None of this is crazy, and I have no clue why artyom would call it a "shithole" based on that.
Chozo@fedia.io 11 hours ago
I feel like this site needs more attention.
Tarquinn2049@lemmy.world 12 hours ago
Maybe it not being in legalese just means more people understand it? This is a pretty acceptable privacy policy relative to most of the other ones you will have already agreed to in your life.
artyom@piefed.social 11 hours ago
Yes, that's the problem.
MHLoppy@fedia.io 9 hours ago
I guess perspective here depends on your anchoring point. I'm anchoring mostly on the existing platform (YouTube), and Nebula's policy here looks better (subjectively much better) than what runs as normal in big tech. If your anchor is your local PeerTube instance with a privacy policy that wasn't written by lawyers, I can see how you'd not be a fan.

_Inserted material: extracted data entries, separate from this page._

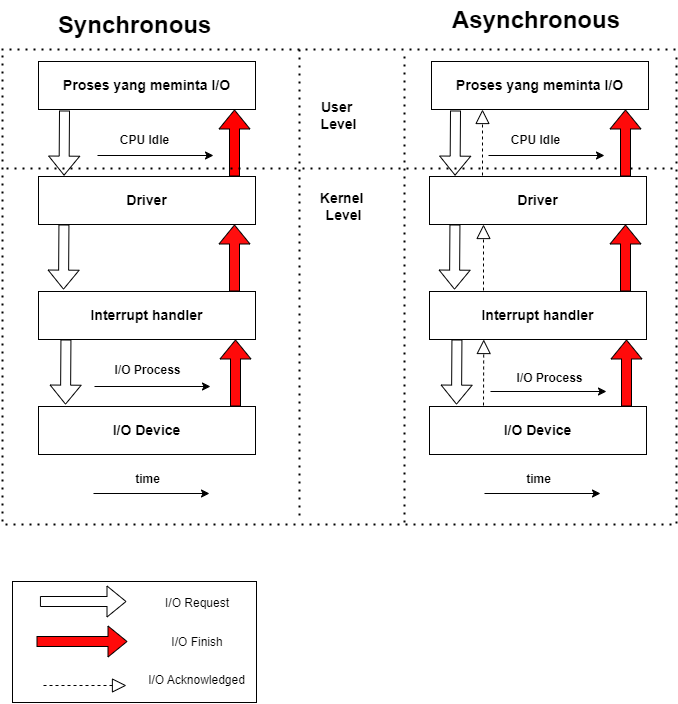

The diagram above was exported from draw.io. Its source (the exported page's mxGraphModel, read from the mxfile embedded in the PNG):
<mxGraphModel dx="840" dy="882" grid="0" gridSize="10" guides="1" tooltips="1" connect="1" arrows="1" fold="1" page="0" pageScale="1" pageWidth="827" pageHeight="1169" math="0" shadow="0">
  <root>
    <mxCell id="0" />
    <mxCell id="1" parent="0" />
    <mxCell id="Cij281BkrU7lO57TA_FY-1" value="&lt;font style=&quot;font-size: 14px;&quot;&gt;&lt;b&gt;Proses yang meminta I/O&lt;/b&gt;&lt;/font&gt;" style="rounded=0;whiteSpace=wrap;html=1;" parent="1" vertex="1">
      <mxGeometry x="70" y="282" width="217" height="48" as="geometry" />
    </mxCell>
    <mxCell id="xEpihPGwrLNTh1LltwSN-3" value="&lt;font style=&quot;font-size: 14px;&quot;&gt;&lt;b&gt;Driver&lt;/b&gt;&lt;/font&gt;" style="rounded=0;whiteSpace=wrap;html=1;" vertex="1" parent="1">
      <mxGeometry x="70" y="397" width="217" height="48" as="geometry" />
    </mxCell>
    <mxCell id="xEpihPGwrLNTh1LltwSN-4" value="&lt;font style=&quot;font-size: 14px;&quot;&gt;&lt;b&gt;Interrupt handler&lt;/b&gt;&lt;/font&gt;" style="rounded=0;whiteSpace=wrap;html=1;" vertex="1" parent="1">
      <mxGeometry x="70" y="512" width="217" height="48" as="geometry" />
    </mxCell>
    <mxCell id="xEpihPGwrLNTh1LltwSN-5" value="&lt;font style=&quot;font-size: 14px;&quot;&gt;&lt;b&gt;I/O Device&lt;/b&gt;&lt;/font&gt;" style="rounded=0;whiteSpace=wrap;html=1;" vertex="1" parent="1">
      <mxGeometry x="70" y="627" width="217" height="48" as="geometry" />
    </mxCell>
    <mxCell id="xEpihPGwrLNTh1LltwSN-8" value="" style="shape=flexArrow;endArrow=classic;html=1;rounded=0;entryX=0.127;entryY=-0.018;entryDx=0;entryDy=0;entryPerimeter=0;" edge="1" parent="1">
      <mxGeometry width="50" height="50" relative="1" as="geometry">
        <mxPoint x="96" y="331" as="sourcePoint" />
        <mxPoint x="95.55900000000003" y="396.13599999999997" as="targetPoint" />
      </mxGeometry>
    </mxCell>
    <mxCell id="xEpihPGwrLNTh1LltwSN-9" value="" style="shape=flexArrow;endArrow=classic;html=1;rounded=0;entryX=0.75;entryY=1;entryDx=0;entryDy=0;exitX=0.75;exitY=0;exitDx=0;exitDy=0;fillColor=#FF0000;" edge="1" parent="1">
      <mxGeometry width="50" height="50" relative="1" as="geometry">
        <mxPoint x="266" y="397" as="sourcePoint" />
        <mxPoint x="266" y="330" as="targetPoint" />
      </mxGeometry>
    </mxCell>
    <mxCell id="xEpihPGwrLNTh1LltwSN-10" value="" style="endArrow=classic;html=1;rounded=0;" edge="1" parent="1">
      <mxGeometry width="50" height="50" relative="1" as="geometry">
        <mxPoint x="129" y="376" as="sourcePoint" />
        <mxPoint x="245" y="376" as="targetPoint" />
      </mxGeometry>
    </mxCell>
    <mxCell id="xEpihPGwrLNTh1LltwSN-11" value="CPU Idle" style="text;html=1;align=center;verticalAlign=middle;resizable=0;points=[];autosize=1;strokeColor=none;fillColor=none;fontStyle=1" vertex="1" parent="1">
      <mxGeometry x="143" y="348" width="66" height="26" as="geometry" />
    </mxCell>
    <mxCell id="xEpihPGwrLNTh1LltwSN-12" value="" style="shape=flexArrow;endArrow=classic;html=1;rounded=0;entryX=0.75;entryY=1;entryDx=0;entryDy=0;exitX=0.75;exitY=0;exitDx=0;exitDy=0;fillColor=#FF0F0F;" edge="1" parent="1">
      <mxGeometry width="50" height="50" relative="1" as="geometry">
        <mxPoint x="266" y="512" as="sourcePoint" />
        <mxPoint x="266" y="445" as="targetPoint" />
      </mxGeometry>
    </mxCell>
    <mxCell id="xEpihPGwrLNTh1LltwSN-13" value="" style="shape=flexArrow;endArrow=classic;html=1;rounded=0;entryX=0.127;entryY=-0.018;entryDx=0;entryDy=0;entryPerimeter=0;" edge="1" parent="1">
      <mxGeometry width="50" height="50" relative="1" as="geometry">
        <mxPoint x="95.44" y="445" as="sourcePoint" />
        <mxPoint x="94.99900000000002" y="510.13599999999997" as="targetPoint" />
      </mxGeometry>
    </mxCell>
    <mxCell id="xEpihPGwrLNTh1LltwSN-14" value="" style="endArrow=none;dashed=1;html=1;dashPattern=1 3;strokeWidth=2;rounded=0;" edge="1" parent="1">
      <mxGeometry width="50" height="50" relative="1" as="geometry">
        <mxPoint x="33" y="270" as="sourcePoint" />
        <mxPoint x="708" y="270" as="targetPoint" />
      </mxGeometry>
    </mxCell>
    <mxCell id="xEpihPGwrLNTh1LltwSN-15" value="" style="shape=flexArrow;endArrow=classic;html=1;rounded=0;entryX=0.75;entryY=1;entryDx=0;entryDy=0;exitX=0.75;exitY=0;exitDx=0;exitDy=0;fillColor=#FF0A0A;" edge="1" parent="1">
      <mxGeometry width="50" height="50" relative="1" as="geometry">
        <mxPoint x="267" y="627" as="sourcePoint" />
        <mxPoint x="267" y="560" as="targetPoint" />
      </mxGeometry>
    </mxCell>
    <mxCell id="xEpihPGwrLNTh1LltwSN-16" value="" style="shape=flexArrow;endArrow=classic;html=1;rounded=0;entryX=0.127;entryY=-0.018;entryDx=0;entryDy=0;entryPerimeter=0;" edge="1" parent="1">
      <mxGeometry width="50" height="50" relative="1" as="geometry">
        <mxPoint x="97.44" y="560" as="sourcePoint" />
        <mxPoint x="96.99900000000002" y="625.136" as="targetPoint" />
      </mxGeometry>
    </mxCell>
    <mxCell id="xEpihPGwrLNTh1LltwSN-17" value="" style="endArrow=classic;html=1;rounded=0;" edge="1" parent="1">
      <mxGeometry width="50" height="50" relative="1" as="geometry">
        <mxPoint x="126" y="607" as="sourcePoint" />
        <mxPoint x="242" y="607" as="targetPoint" />
      </mxGeometry>
    </mxCell>
    <mxCell id="xEpihPGwrLNTh1LltwSN-18" value="I/O Process" style="text;html=1;align=center;verticalAlign=middle;resizable=0;points=[];autosize=1;strokeColor=none;fillColor=none;fontStyle=1" vertex="1" parent="1">
      <mxGeometry x="138" y="578" width="81" height="26" as="geometry" />
    </mxCell>
    <mxCell id="xEpihPGwrLNTh1LltwSN-19" value="" style="endArrow=classic;html=1;rounded=0;" edge="1" parent="1">
      <mxGeometry width="50" height="50" relative="1" as="geometry">
        <mxPoint x="125" y="714" as="sourcePoint" />
        <mxPoint x="241" y="714" as="targetPoint" />
      </mxGeometry>
    </mxCell>
    <mxCell id="xEpihPGwrLNTh1LltwSN-20" value="time" style="text;html=1;align=center;verticalAlign=middle;resizable=0;points=[];autosize=1;strokeColor=none;fillColor=none;fontStyle=1" vertex="1" parent="1">
      <mxGeometry x="158" y="687" width="41" height="26" as="geometry" />
    </mxCell>
    <mxCell id="xEpihPGwrLNTh1LltwSN-21" value="" style="endArrow=none;dashed=1;html=1;dashPattern=1 3;strokeWidth=2;rounded=0;" edge="1" parent="1">
      <mxGeometry width="50" height="50" relative="1" as="geometry">
        <mxPoint x="34" y="276" as="sourcePoint" />
        <mxPoint x="34" y="746" as="targetPoint" />
      </mxGeometry>
    </mxCell>
    <mxCell id="xEpihPGwrLNTh1LltwSN-22" value="" style="endArrow=none;dashed=1;html=1;dashPattern=1 3;strokeWidth=2;rounded=0;" edge="1" parent="1">
      <mxGeometry width="50" height="50" relative="1" as="geometry">
        <mxPoint x="331" y="270" as="sourcePoint" />
        <mxPoint x="331" y="740" as="targetPoint" />
      </mxGeometry>
    </mxCell>
    <mxCell id="xEpihPGwrLNTh1LltwSN-23" value="" style="endArrow=none;dashed=1;html=1;dashPattern=1 3;strokeWidth=2;rounded=0;" edge="1" parent="1">
      <mxGeometry width="50" height="50" relative="1" as="geometry">
        <mxPoint x="38" y="389" as="sourcePoint" />
        <mxPoint x="705" y="389" as="targetPoint" />
      </mxGeometry>
    </mxCell>
    <mxCell id="xEpihPGwrLNTh1LltwSN-24" value="&lt;font style=&quot;font-size: 14px;&quot;&gt;User&amp;nbsp;&lt;/font&gt;&lt;div&gt;&lt;font style=&quot;font-size: 14px;&quot;&gt;Level&lt;/font&gt;&lt;/div&gt;" style="text;html=1;align=center;verticalAlign=middle;resizable=0;points=[];autosize=1;strokeColor=none;fillColor=none;fontStyle=1" vertex="1" parent="1">
      <mxGeometry x="344" y="313" width="51" height="46" as="geometry" />
    </mxCell>
    <mxCell id="xEpihPGwrLNTh1LltwSN-25" value="&lt;span style=&quot;font-size: 14px;&quot;&gt;Kernel&amp;nbsp;&lt;/span&gt;&lt;div&gt;&lt;span style=&quot;font-size: 14px;&quot;&gt;Level&lt;/span&gt;&lt;/div&gt;" style="text;html=1;align=center;verticalAlign=middle;resizable=0;points=[];autosize=1;strokeColor=none;fillColor=none;fontStyle=1" vertex="1" parent="1">
      <mxGeometry x="344" y="404" width="62" height="46" as="geometry" />
    </mxCell>
    <mxCell id="xEpihPGwrLNTh1LltwSN-26" value="&lt;font style=&quot;font-size: 14px;&quot;&gt;&lt;b&gt;Driver&lt;/b&gt;&lt;/font&gt;" style="rounded=0;whiteSpace=wrap;html=1;" vertex="1" parent="1">
      <mxGeometry x="461" y="397" width="217" height="48" as="geometry" />
    </mxCell>
    <mxCell id="xEpihPGwrLNTh1LltwSN-27" value="&lt;font style=&quot;font-size: 14px;&quot;&gt;&lt;b&gt;Interrupt handler&lt;/b&gt;&lt;/font&gt;" style="rounded=0;whiteSpace=wrap;html=1;" vertex="1" parent="1">
      <mxGeometry x="461" y="512" width="217" height="48" as="geometry" />
    </mxCell>
    <mxCell id="xEpihPGwrLNTh1LltwSN-28" value="&lt;font style=&quot;font-size: 14px;&quot;&gt;&lt;b&gt;I/O Device&lt;/b&gt;&lt;/font&gt;" style="rounded=0;whiteSpace=wrap;html=1;" vertex="1" parent="1">
      <mxGeometry x="461" y="627" width="217" height="48" as="geometry" />
    </mxCell>
    <mxCell id="xEpihPGwrLNTh1LltwSN-29" value="" style="shape=flexArrow;endArrow=classic;html=1;rounded=0;entryX=0.127;entryY=-0.018;entryDx=0;entryDy=0;entryPerimeter=0;" edge="1" parent="1">
      <mxGeometry width="50" height="50" relative="1" as="geometry">
        <mxPoint x="487" y="331" as="sourcePoint" />
        <mxPoint x="486.559" y="396.13599999999997" as="targetPoint" />
      </mxGeometry>
    </mxCell>
    <mxCell id="xEpihPGwrLNTh1LltwSN-30" value="" style="shape=flexArrow;endArrow=classic;html=1;rounded=0;entryX=0.75;entryY=1;entryDx=0;entryDy=0;exitX=0.75;exitY=0;exitDx=0;exitDy=0;fillColor=#FF0A0A;" edge="1" parent="1">
      <mxGeometry width="50" height="50" relative="1" as="geometry">
        <mxPoint x="657" y="397" as="sourcePoint" />
        <mxPoint x="657" y="330" as="targetPoint" />
      </mxGeometry>
    </mxCell>
    <mxCell id="xEpihPGwrLNTh1LltwSN-31" value="" style="endArrow=classic;html=1;rounded=0;" edge="1" parent="1">
      <mxGeometry width="50" height="50" relative="1" as="geometry">
        <mxPoint x="520" y="376" as="sourcePoint" />
        <mxPoint x="636" y="376" as="targetPoint" />
      </mxGeometry>
    </mxCell>
    <mxCell id="xEpihPGwrLNTh1LltwSN-32" value="CPU Idle" style="text;html=1;align=center;verticalAlign=middle;resizable=0;points=[];autosize=1;strokeColor=none;fillColor=none;fontStyle=1" vertex="1" parent="1">
      <mxGeometry x="534" y="348" width="66" height="26" as="geometry" />
    </mxCell>
    <mxCell id="xEpihPGwrLNTh1LltwSN-33" value="" style="shape=flexArrow;endArrow=classic;html=1;rounded=0;entryX=0.75;entryY=1;entryDx=0;entryDy=0;exitX=0.75;exitY=0;exitDx=0;exitDy=0;fillColor=#FF0A0A;" edge="1" parent="1">
      <mxGeometry width="50" height="50" relative="1" as="geometry">
        <mxPoint x="657" y="512" as="sourcePoint" />
        <mxPoint x="657" y="445" as="targetPoint" />
      </mxGeometry>
    </mxCell>
    <mxCell id="xEpihPGwrLNTh1LltwSN-34" value="" style="shape=flexArrow;endArrow=classic;html=1;rounded=0;entryX=0.127;entryY=-0.018;entryDx=0;entryDy=0;entryPerimeter=0;" edge="1" parent="1">
      <mxGeometry width="50" height="50" relative="1" as="geometry">
        <mxPoint x="486.44" y="445" as="sourcePoint" />
        <mxPoint x="485.999" y="510.13599999999997" as="targetPoint" />
      </mxGeometry>
    </mxCell>
    <mxCell id="xEpihPGwrLNTh1LltwSN-35" value="" style="shape=flexArrow;endArrow=classic;html=1;rounded=0;entryX=0.75;entryY=1;entryDx=0;entryDy=0;exitX=0.75;exitY=0;exitDx=0;exitDy=0;fillColor=#FF0A0A;" edge="1" parent="1">
      <mxGeometry width="50" height="50" relative="1" as="geometry">
        <mxPoint x="658" y="627" as="sourcePoint" />
        <mxPoint x="658" y="560" as="targetPoint" />
      </mxGeometry>
    </mxCell>
    <mxCell id="xEpihPGwrLNTh1LltwSN-36" value="" style="shape=flexArrow;endArrow=classic;html=1;rounded=0;entryX=0.127;entryY=-0.018;entryDx=0;entryDy=0;entryPerimeter=0;" edge="1" parent="1">
      <mxGeometry width="50" height="50" relative="1" as="geometry">
        <mxPoint x="488.44" y="560" as="sourcePoint" />
        <mxPoint x="487.999" y="625.136" as="targetPoint" />
      </mxGeometry>
    </mxCell>
    <mxCell id="xEpihPGwrLNTh1LltwSN-37" value="" style="endArrow=classic;html=1;rounded=0;" edge="1" parent="1">
      <mxGeometry width="50" height="50" relative="1" as="geometry">
        <mxPoint x="522" y="612" as="sourcePoint" />
        <mxPoint x="638" y="612" as="targetPoint" />
      </mxGeometry>
    </mxCell>
    <mxCell id="xEpihPGwrLNTh1LltwSN-38" value="I/O Process" style="text;html=1;align=center;verticalAlign=middle;resizable=0;points=[];autosize=1;strokeColor=none;fillColor=none;fontStyle=1" vertex="1" parent="1">
      <mxGeometry x="540" y="586" width="81" height="26" as="geometry" />
    </mxCell>
    <mxCell id="xEpihPGwrLNTh1LltwSN-39" value="" style="endArrow=classic;html=1;rounded=0;" edge="1" parent="1">
      <mxGeometry width="50" height="50" relative="1" as="geometry">
        <mxPoint x="516" y="714" as="sourcePoint" />
        <mxPoint x="632" y="714" as="targetPoint" />
      </mxGeometry>
    </mxCell>
    <mxCell id="xEpihPGwrLNTh1LltwSN-40" value="time" style="text;html=1;align=center;verticalAlign=middle;resizable=0;points=[];autosize=1;strokeColor=none;fillColor=none;fontStyle=1" vertex="1" parent="1">
      <mxGeometry x="549" y="687" width="41" height="26" as="geometry" />
    </mxCell>
    <mxCell id="xEpihPGwrLNTh1LltwSN-41" value="&lt;font style=&quot;font-size: 14px;&quot;&gt;&lt;b&gt;Proses yang meminta I/O&lt;/b&gt;&lt;/font&gt;" style="rounded=0;whiteSpace=wrap;html=1;" vertex="1" parent="1">
      <mxGeometry x="463" y="282" width="217" height="48" as="geometry" />
    </mxCell>
    <mxCell id="xEpihPGwrLNTh1LltwSN-42" value="" style="endArrow=none;dashed=1;html=1;dashPattern=1 3;strokeWidth=2;rounded=0;" edge="1" parent="1">
      <mxGeometry width="50" height="50" relative="1" as="geometry">
        <mxPoint x="37" y="745" as="sourcePoint" />
        <mxPoint x="705" y="745" as="targetPoint" />
      </mxGeometry>
    </mxCell>
    <mxCell id="xEpihPGwrLNTh1LltwSN-43" value="" style="endArrow=none;dashed=1;html=1;dashPattern=1 3;strokeWidth=2;rounded=0;" edge="1" parent="1">
      <mxGeometry width="50" height="50" relative="1" as="geometry">
        <mxPoint x="436" y="277" as="sourcePoint" />
        <mxPoint x="436" y="747" as="targetPoint" />
      </mxGeometry>
    </mxCell>
    <mxCell id="xEpihPGwrLNTh1LltwSN-44" value="" style="endArrow=none;dashed=1;html=1;dashPattern=1 3;strokeWidth=2;rounded=0;" edge="1" parent="1">
      <mxGeometry width="50" height="50" relative="1" as="geometry">
        <mxPoint x="708" y="278" as="sourcePoint" />
        <mxPoint x="708" y="748" as="targetPoint" />
      </mxGeometry>
    </mxCell>
    <mxCell id="xEpihPGwrLNTh1LltwSN-46" value="" style="endArrow=block;dashed=1;endFill=0;endSize=12;html=1;rounded=0;entryX=0.25;entryY=1;entryDx=0;entryDy=0;" edge="1" parent="1" target="xEpihPGwrLNTh1LltwSN-27">
      <mxGeometry width="160" relative="1" as="geometry">
        <mxPoint x="515" y="626" as="sourcePoint" />
        <mxPoint x="659" y="597" as="targetPoint" />
      </mxGeometry>
    </mxCell>
    <mxCell id="xEpihPGwrLNTh1LltwSN-47" value="" style="endArrow=block;dashed=1;endFill=0;endSize=12;html=1;rounded=0;entryX=0.25;entryY=1;entryDx=0;entryDy=0;" edge="1" parent="1">
      <mxGeometry width="160" relative="1" as="geometry">
        <mxPoint x="515" y="511" as="sourcePoint" />
        <mxPoint x="515" y="445" as="targetPoint" />
      </mxGeometry>
    </mxCell>
    <mxCell id="xEpihPGwrLNTh1LltwSN-48" value="" style="endArrow=block;dashed=1;endFill=0;endSize=12;html=1;rounded=0;entryX=0.25;entryY=1;entryDx=0;entryDy=0;" edge="1" parent="1">
      <mxGeometry width="160" relative="1" as="geometry">
        <mxPoint x="514" y="396" as="sourcePoint" />
        <mxPoint x="514" y="330" as="targetPoint" />
      </mxGeometry>
    </mxCell>
    <mxCell id="xEpihPGwrLNTh1LltwSN-49" value="" style="rounded=0;whiteSpace=wrap;html=1;" vertex="1" parent="1">
      <mxGeometry x="44" y="802" width="244" height="121" as="geometry" />
    </mxCell>
    <mxCell id="xEpihPGwrLNTh1LltwSN-50" value="" style="shape=flexArrow;endArrow=classic;html=1;rounded=0;exitX=0.75;exitY=0;exitDx=0;exitDy=0;fillColor=#FF0A0A;" edge="1" parent="1">
      <mxGeometry width="50" height="50" relative="1" as="geometry">
        <mxPoint x="68" y="862" as="sourcePoint" />
        <mxPoint x="159" y="862" as="targetPoint" />
      </mxGeometry>
    </mxCell>
    <mxCell id="xEpihPGwrLNTh1LltwSN-51" value="" style="shape=flexArrow;endArrow=classic;html=1;rounded=0;" edge="1" parent="1">
      <mxGeometry width="50" height="50" relative="1" as="geometry">
        <mxPoint x="71.44" y="822" as="sourcePoint" />
        <mxPoint x="158" y="822" as="targetPoint" />
      </mxGeometry>
    </mxCell>
    <mxCell id="xEpihPGwrLNTh1LltwSN-52" value="" style="endArrow=block;dashed=1;endFill=0;endSize=12;html=1;rounded=0;" edge="1" parent="1">
      <mxGeometry width="160" relative="1" as="geometry">
        <mxPoint x="75" y="906" as="sourcePoint" />
        <mxPoint x="158" y="906" as="targetPoint" />
      </mxGeometry>
    </mxCell>
    <mxCell id="xEpihPGwrLNTh1LltwSN-53" value="I/O Finish" style="text;html=1;align=center;verticalAlign=middle;whiteSpace=wrap;rounded=0;" vertex="1" parent="1">
      <mxGeometry x="198.5" y="847.5" width="60" height="30" as="geometry" />
    </mxCell>
    <mxCell id="xEpihPGwrLNTh1LltwSN-54" value="I/O Request" style="text;html=1;align=center;verticalAlign=middle;whiteSpace=wrap;rounded=0;" vertex="1" parent="1">
      <mxGeometry x="184.5" y="809" width="88" height="30" as="geometry" />
    </mxCell>
    <mxCell id="xEpihPGwrLNTh1LltwSN-55" value="I/O Acknowledged" style="text;html=1;align=center;verticalAlign=middle;whiteSpace=wrap;rounded=0;" vertex="1" parent="1">
      <mxGeometry x="178" y="886" width="101" height="30" as="geometry" />
    </mxCell>
    <mxCell id="xEpihPGwrLNTh1LltwSN-56" value="&lt;div style=&quot;text-align: center;&quot;&gt;&lt;span style=&quot;background-color: initial;&quot;&gt;&lt;b style=&quot;&quot;&gt;&lt;font style=&quot;font-size: 24px;&quot;&gt;Synchronous&lt;/font&gt;&lt;/b&gt;&lt;/span&gt;&lt;/div&gt;" style="text;whiteSpace=wrap;html=1;" vertex="1" parent="1">
      <mxGeometry x="87.99571428571433" y="225.00093784877242" width="195" height="39" as="geometry" />
    </mxCell>
    <mxCell id="xEpihPGwrLNTh1LltwSN-57" value="&lt;div style=&quot;text-align: center;&quot;&gt;&lt;span style=&quot;background-color: initial;&quot;&gt;&lt;b style=&quot;&quot;&gt;&lt;font style=&quot;font-size: 24px;&quot;&gt;Asynchronous&lt;/font&gt;&lt;/b&gt;&lt;/span&gt;&lt;/div&gt;" style="text;whiteSpace=wrap;html=1;" vertex="1" parent="1">
      <mxGeometry x="481.9957142857143" y="220.00093784877242" width="195" height="39" as="geometry" />
    </mxCell>
  </root>
</mxGraphModel>

However beyond being in legalese I'm not sure what part of it you find so bad as to describe it as a shithole. Even compared to e.g., lemmy.world's privacy policy Nebula's looks "good enough" to me. They collect slightly more device information than I wish they did and are more open to having/using advertising partners than I had expected (from what I know of the service as someone who has never actually used it) but that's like.. pretty tame compared what most of the big platforms have.
Aarrodri@lemmy.world 11 hours ago
Elaborate? Genuinely asking… what is your key takeaways for “it’s a shit hole”?
artyom@piefed.social 9 hours ago
Pretty much "we collect as much data as we can and sell it to data brokers/advertising companies to be used to target you for advertising."